Ta certinho cebolark, acho que temos que buscar a resposta, auqi eh so mais um local para acharmos ela, mas nao devemos achar que aqui temos a obrigação de ter nossa resposta.

falows

----------


## Jim

Eu tenho varios contatos do Under (uns que eu adicionei, outros que me adicionaram) a diferença é que... usamos para fazer amizade... converso boa parte do dia e da noite com o ice... eu e ele estamos sempre trocando idéias, planejando alguns projetos, coisas do gênero... o que nao vale é se apoiar nas costas dos seus contatos do msn né meu? Claro que se vc nao consegue se lembrar daquele comandinho pra mostrar os processos (é só um exemplo) tu nao vai postar um tópico pra isso se tem um maluco ali pra te dizer isso em 2 segundos...

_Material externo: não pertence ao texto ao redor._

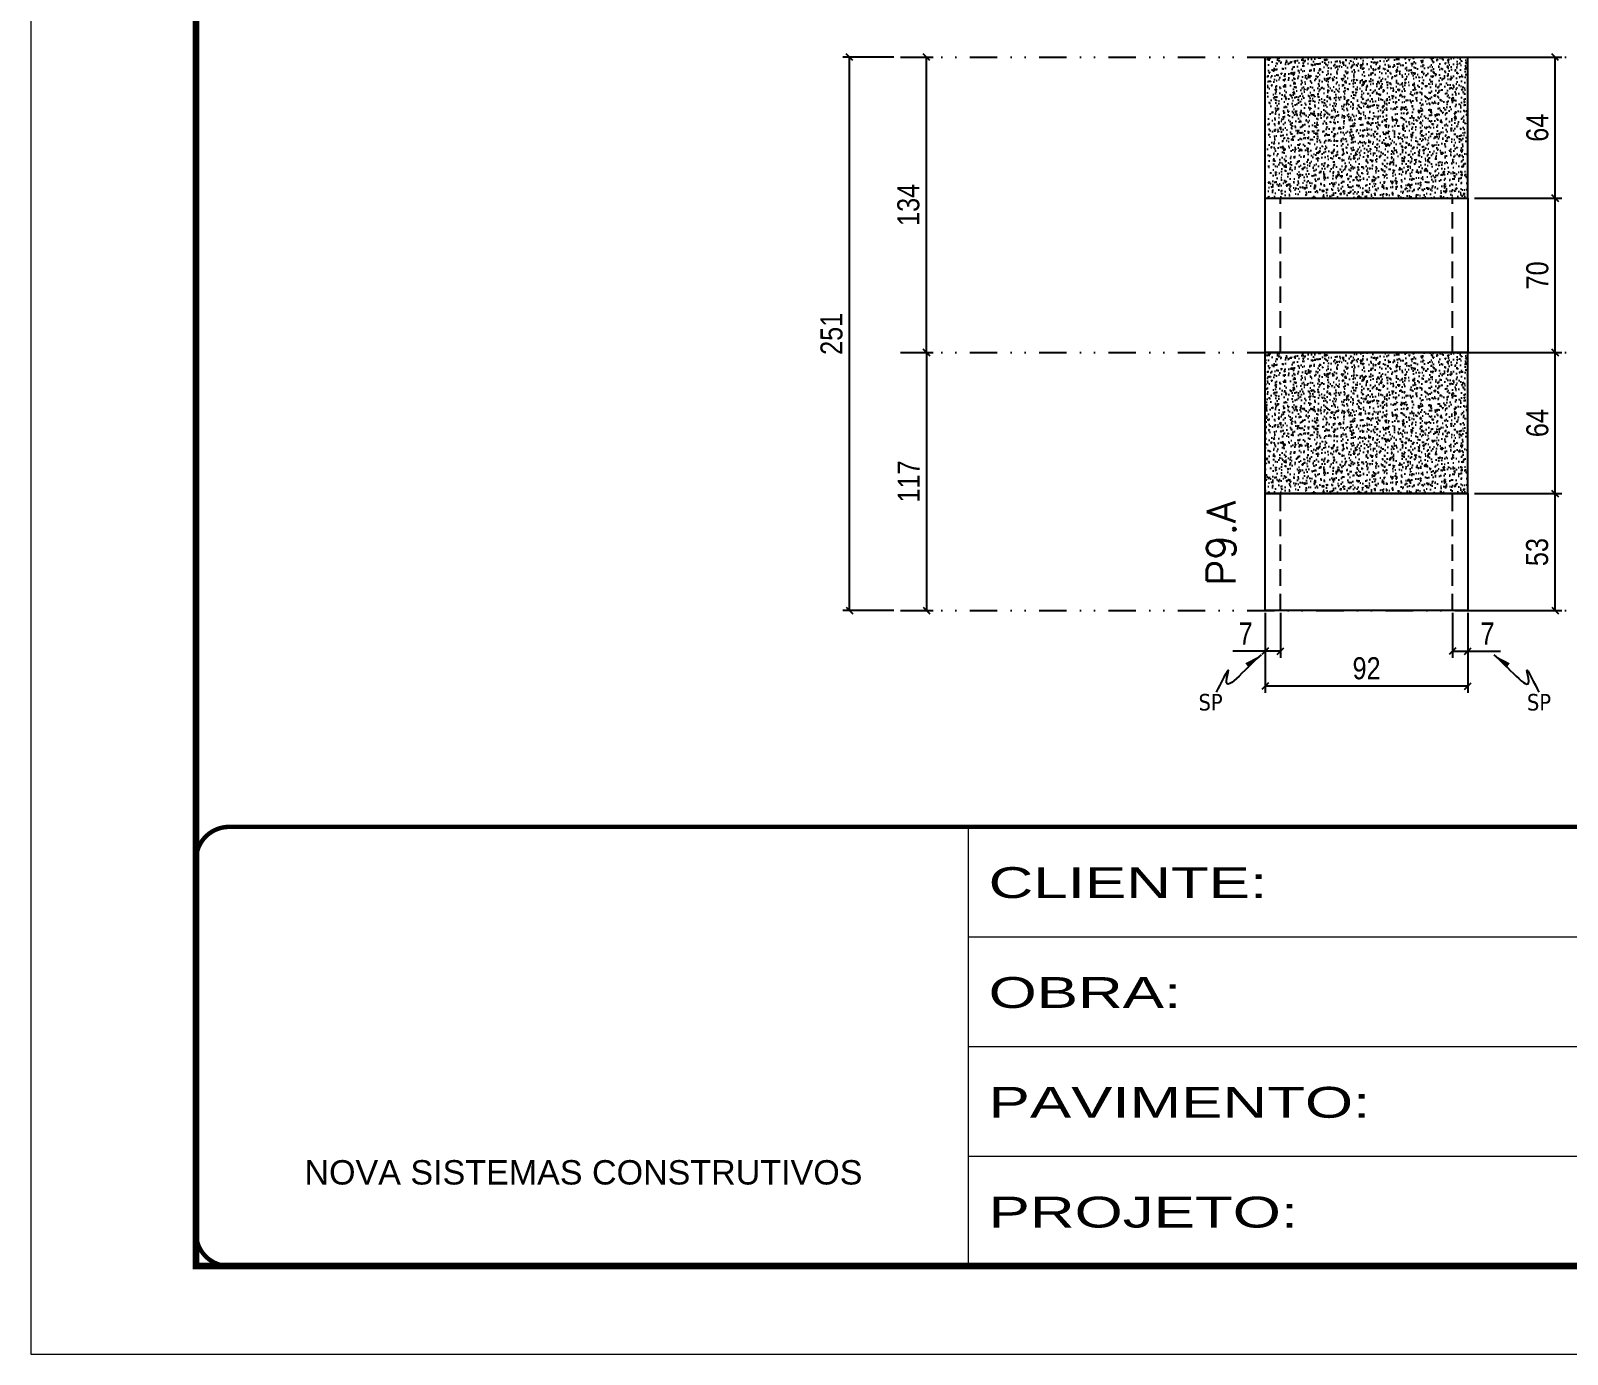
# Model space of a CAD drawing. Extents: x 808 to 7089, y -98 to 17032.
# Drawn here: x 808 to 1505, y 2200 to 2800 of the extents above; entities that cross this region are included whole.
import ezdxf

# ---------------------------------------------------------------- set-up
doc = ezdxf.new("R2010")
doc.units = 0
for name, pattern in [('CONTINUO', [0]), ('DASHED', [0.75, 0.5, -0.25]), ('DIVIDE2', [0.625, 0.25, -0.125, 0, -0.125, 0, -0.125]), ('HIDDEN', [0.375, 0.25, -0.125])]:
    doc.linetypes.add(name, pattern=pattern)
for name, color, linetype in [('COTA', 241, 'Continuous'), ('Nível', 160, 'Continuous'), ('Painéis', 200, 'Continuous'), ('Sarrafo de Pressão', 42, 'HIDDEN'), ('texto', 7, 'Continuous')]:
    doc.layers.add(name, color=color, linetype=linetype)
for name, color, linetype, lineweight in [('Folhas', 255, 'Continuous', 9), ('SARRAFO DE PRESSAO', 251, 'DASHED', 9), ('Texto Seção', 7, 'Continuous', 15)]:
    doc.layers.add(name, color=color, linetype=linetype, lineweight=lineweight)
doc.styles.add('ARIAL', font='arial.ttf')
doc.styles.add('COTA TECNICA', font='techl___.ttf', dxfattribs={"height": 10})
doc.styles.add('COTA TECNICA-50', font='techl___.ttf', dxfattribs={"height": 10})
doc.styles.add('REGUA-120', font='ROMANS.shx', dxfattribs={"height": 15})
doc.styles.get("Standard").update_dxf_attribs({"font": 'arial.ttf'})
doc.styles.add('Tecnologia', font='')
doc.styles.get('Tecnologia').set_extended_font_data('Forgotten Futurist')
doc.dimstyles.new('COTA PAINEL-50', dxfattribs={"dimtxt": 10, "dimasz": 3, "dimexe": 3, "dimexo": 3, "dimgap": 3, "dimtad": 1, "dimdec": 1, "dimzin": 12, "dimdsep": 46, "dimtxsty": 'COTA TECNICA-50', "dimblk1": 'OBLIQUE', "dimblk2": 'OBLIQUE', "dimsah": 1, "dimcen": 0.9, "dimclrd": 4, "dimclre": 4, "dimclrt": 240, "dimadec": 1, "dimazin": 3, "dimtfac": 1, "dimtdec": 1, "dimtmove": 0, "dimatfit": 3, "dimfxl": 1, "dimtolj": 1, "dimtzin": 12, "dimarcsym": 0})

Não se esqueçam que a intenção do fórum é ajudar-nos uns aos outros...

Meu msn tá lotado de gente que vem me pedir ajuda, e muitas vezes me deparo com mensagens, das mesmas pessoas que ajudei a tempos atras dizendo assim:

"quem é vc?" - respondo que sou eu é quem pergunto
"pq me adicionou?" - respondo que foi ele quem me adicionou
"ah babaca, me adiciona e depois nao lembra... otário" - eu só excluo...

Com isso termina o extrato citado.